For the biodistribution study, blood was collected at 0.5, 1, 3, 6, 12, and 24 h after the treatment with pure drug and D-P-L-MC-d gel at an equivalent dose of 5 mg/kg via tail vein injection. Immediately after blood collection, blood was centrifuged at 4000 rpm for 10 min at 4 °C to obtain the required serum. The mobile phase consisted of a mixture of acetonitrile and water (60:40 v/v) freshly prepared for each run. Twenty microliters of each sample was injected into the column for analysis. The mobile phase flow rate was kept at 1.0 ml/min and was detected at a wavelength of 242 nm.
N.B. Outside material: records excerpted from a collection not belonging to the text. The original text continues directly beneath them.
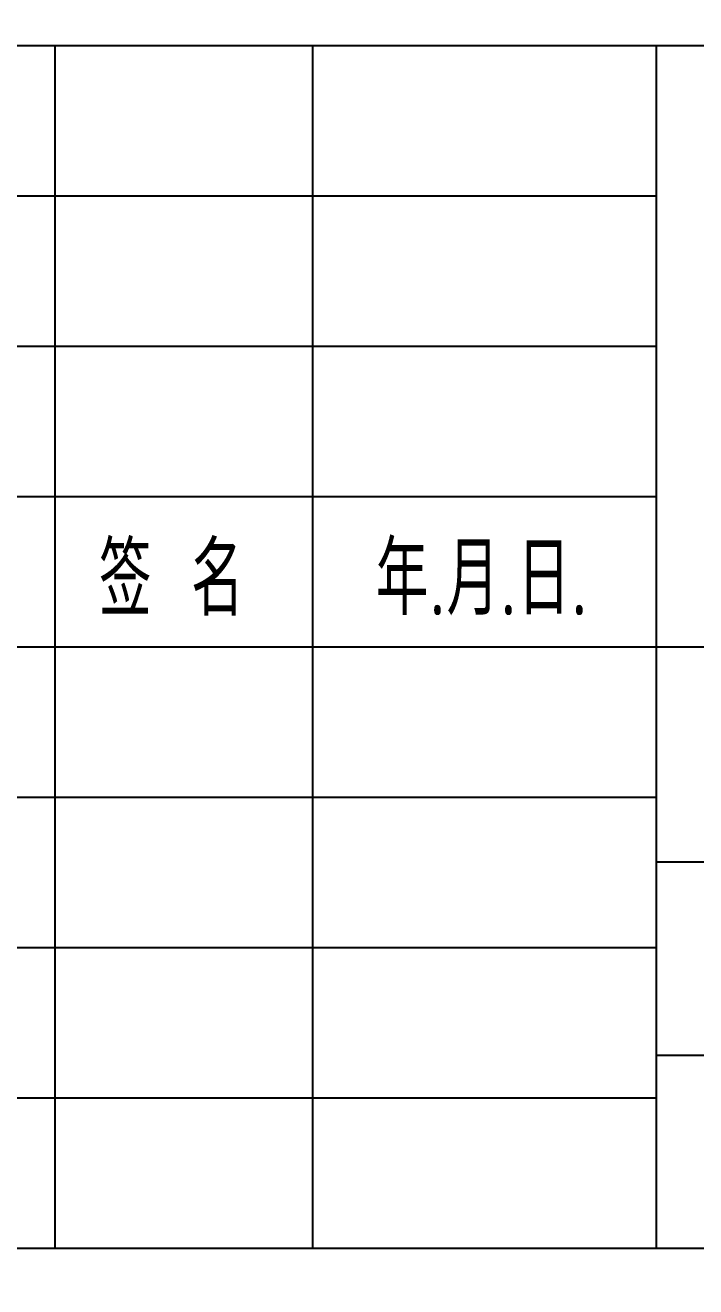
# Model space of a CAD drawing. Extents: x 900 to 66750, y -16816 to 61910.
# Drawn here: x 1180.8 to 1212, y -3926.7 to -3868 of the extents above; entities that cross this region are included whole.
import ezdxf

# ---------------------------------------------------------------- set-up
doc = ezdxf.new("R2010")
doc.units = 0
doc.linetypes.add('DASHDOT', pattern=[18, 15, -1, 1, -1])
doc.layers.get('0').update_dxf_attribs({"linetype": 'DASHDOT'})
for name, color, linetype in [('1', 7, 'CONTINUOUS'), ('12', 7, 'CONTINUOUS'), ('2', 4, 'CONTINUOUS'), ('3', 7, 'CONTINUOUS'), ('8', 3, 'CONTINUOUS')]:
    doc.layers.add(name, color=color, linetype=linetype)
doc.styles.get("Standard").update_dxf_attribs({"font": 'gbenor.shx', "bigfont": 'gbcbig.shx'})
doc.dimstyles.get("Standard").update_dxf_attribs({"dimtxt": 3.5, "dimasz": 4, "dimexe": 2, "dimexo": 0, "dimgap": 1, "dimtad": 1, "dimtoh": 1, "dimdec": 4, "dimzin": 0, "dimdsep": 46, "dimtxsty": 'Standard', "dimcen": 0, "dimadec": 0, "dimazin": 0, "dimtfac": 1, "dimtdec": 4, "dimtmove": 0, "dimatfit": 0, "dimfxl": 1, "dimtolj": 1, "dimtzin": 0, "dimarcsym": 0})

# ---------------------------------------------------------------- blocks, each defined once
blk = doc.blocks.new('Cadt1')
at = {"layer": '1'}
for p, q in [((1130.151, -3868.959), (1310.151, -3868.959)), ((1182.151, -3924.959), (1182.151, -3868.959)), ((1194.151, -3924.959), (1194.151, -3868.959)), ((1210.151, -3924.959), (1210.151, -3868.959)), ((1130.151, -3889.959), (1210.151, -3889.959)), ((1130.151, -3896.959), (1260.151, -3896.959)), ((1130.151, -3903.959), (1210.151, -3903.959)), ((1210.151, -3906.959), (1310.151, -3906.959)), ((1210.151, -3915.959), (1260.151, -3915.959)), ((1310.151, -3924.959), (925.151, -3924.959))]:
    blk.add_line(p, q, dxfattribs=at)
at = {"layer": '2'}
for p, q in [((1130.151, -3875.959), (1210.151, -3875.959, 1)), ((1130.151, -3882.959), (1210.151, -3882.959)), ((1130.151, -3910.959), (1210.151, -3910.959)), ((1130.151, -3917.959), (1210.151, -3917.959))]:
    blk.add_line(p, q, dxfattribs=at)
at = {"layer": '3', "char_height": 3.4, "width": 65536, "attachment_point": 7}
for s, insert in [('年.月.日.', (1197.077, -3895.483)), ('签 名', (1184.194, -3895.514))]:
    blk.add_mtext(s, dxfattribs=dict(at, insert=insert))
blk = doc.blocks.new('*D11')
at = {"layer": '8'}
for p, q in [((1082.136, -3642.387), (1101.056, -3646.269)), ((1084.491, -3643.349), (1084.679, -3642.43)), ((1084.679, -3642.43), (1089.483, -3643.894)), ((1089.483, -3643.894), (1084.491, -3643.349)), ((1089.527, -3643.683), (1088.855, -3646.956)), ((1090.104, -3643.801), (1089.433, -3647.074)), ((1090.061, -3644.013), (1095.053, -3644.559)), ((1094.865, -3645.477), (1090.061, -3644.013)), ((1095.053, -3644.559), (1094.865, -3645.477))]:
    blk.add_line(p, q, dxfattribs=at)
at = {"layer": '12', "insert": (1095.815, -3643.371), "char_height": 4.25, "width": 65536, "attachment_point": 7, "rotation": 348.40426}
blk.add_mtext('12', dxfattribs=at)

msp = doc.modelspace()

# ---------------------------------------------------------------- block references
msp.add_blockref('Cadt1', (0, 0))

# ---------------------------------------------------------------- dimensions: what is measured, and where the dimension line sits
at = {"layer": '8'}
dim = msp.add_aligned_dim(p1=(1089.52661, -3643.68293), p2=(1090.10435, -3643.80148), distance=-0.21585, text='12', dimstyle='Standard', dxfattribs=at)
dim.commit()
dim.dimension.update_dxf_attribs({"geometry": '*D11', "text_midpoint": (1096.99633, -3645.43601)})

doc.saveas('drawing.dxf')

Histopathology and biochemical analysis

For histological analyses, mice were sacrificed at the end of the experiment, and vital organs like liver, kidney, spleen, and tumor tissues were excised for further study. Further, the dissected organs and tissues were preserved in 7% formalin solution for 48 h. Dehydration was done in graded ethanol and tissues were embedded in paraffin wax. The tissues were sliced into sections of 3–5 µm thickness and were stained using H&E. The stained slides of these sections were then examined under light microscope at a magnification of ×10. For biochemical analysis, blood serum was collected (50 μl/mice) at the end of treatment for the clinical assessment of blood parameters like aspartate aminotransferase (AST), alanine aminotransferase (ALT), alkaline phosphatase (ALP), blood urea nitrogen (BUN), and creatinine.

Immunohistochemistry

Slides were deparaffinised by using fresh xylene for 5 min followed by washing with running water for 5 min. For quenching endogenous peroxidase activity slides were placed in 3% H2O2 solution for 10 min, sections were washed with distilled water for 5 min, each followed by washing with tris buffer solution (TBS) for 5 min. Then, the slides were kept in a preheated jar for 5 min. After that, washing was done with tap water and phosphate buffer solution. The section was marked and protein blocking was applied on section for 15 min at room temperature. Blocking solution was removed and treatment with 25 μl of primary antibody, MIA (sc-377375 Santa Cruz Biotechnology, Inc.) at the dilution of 1:100. Slide was kept in petridish which was placed in 4 °C freezer overnight for antibody stain. Slide was washed with TBS, secondary antibodies were added and incubated for 15 min followed by washing with PBS. DAB was added on slide for 1 min, washed with water, and counter stained with hematoxylin for 1 min. Slides were dried and mounting was done with DPX. Images were captured using optical microscope (Leica, Germany).

Statistical analysis

Data were expressed as mean ± standard deviation (SD). Difference between groups was assessed using one-way ANOVA with Tukey tests, wherein *p < 0.05 was considered significant, and **p < 0.01 and ***p < 0.001 were highly significant.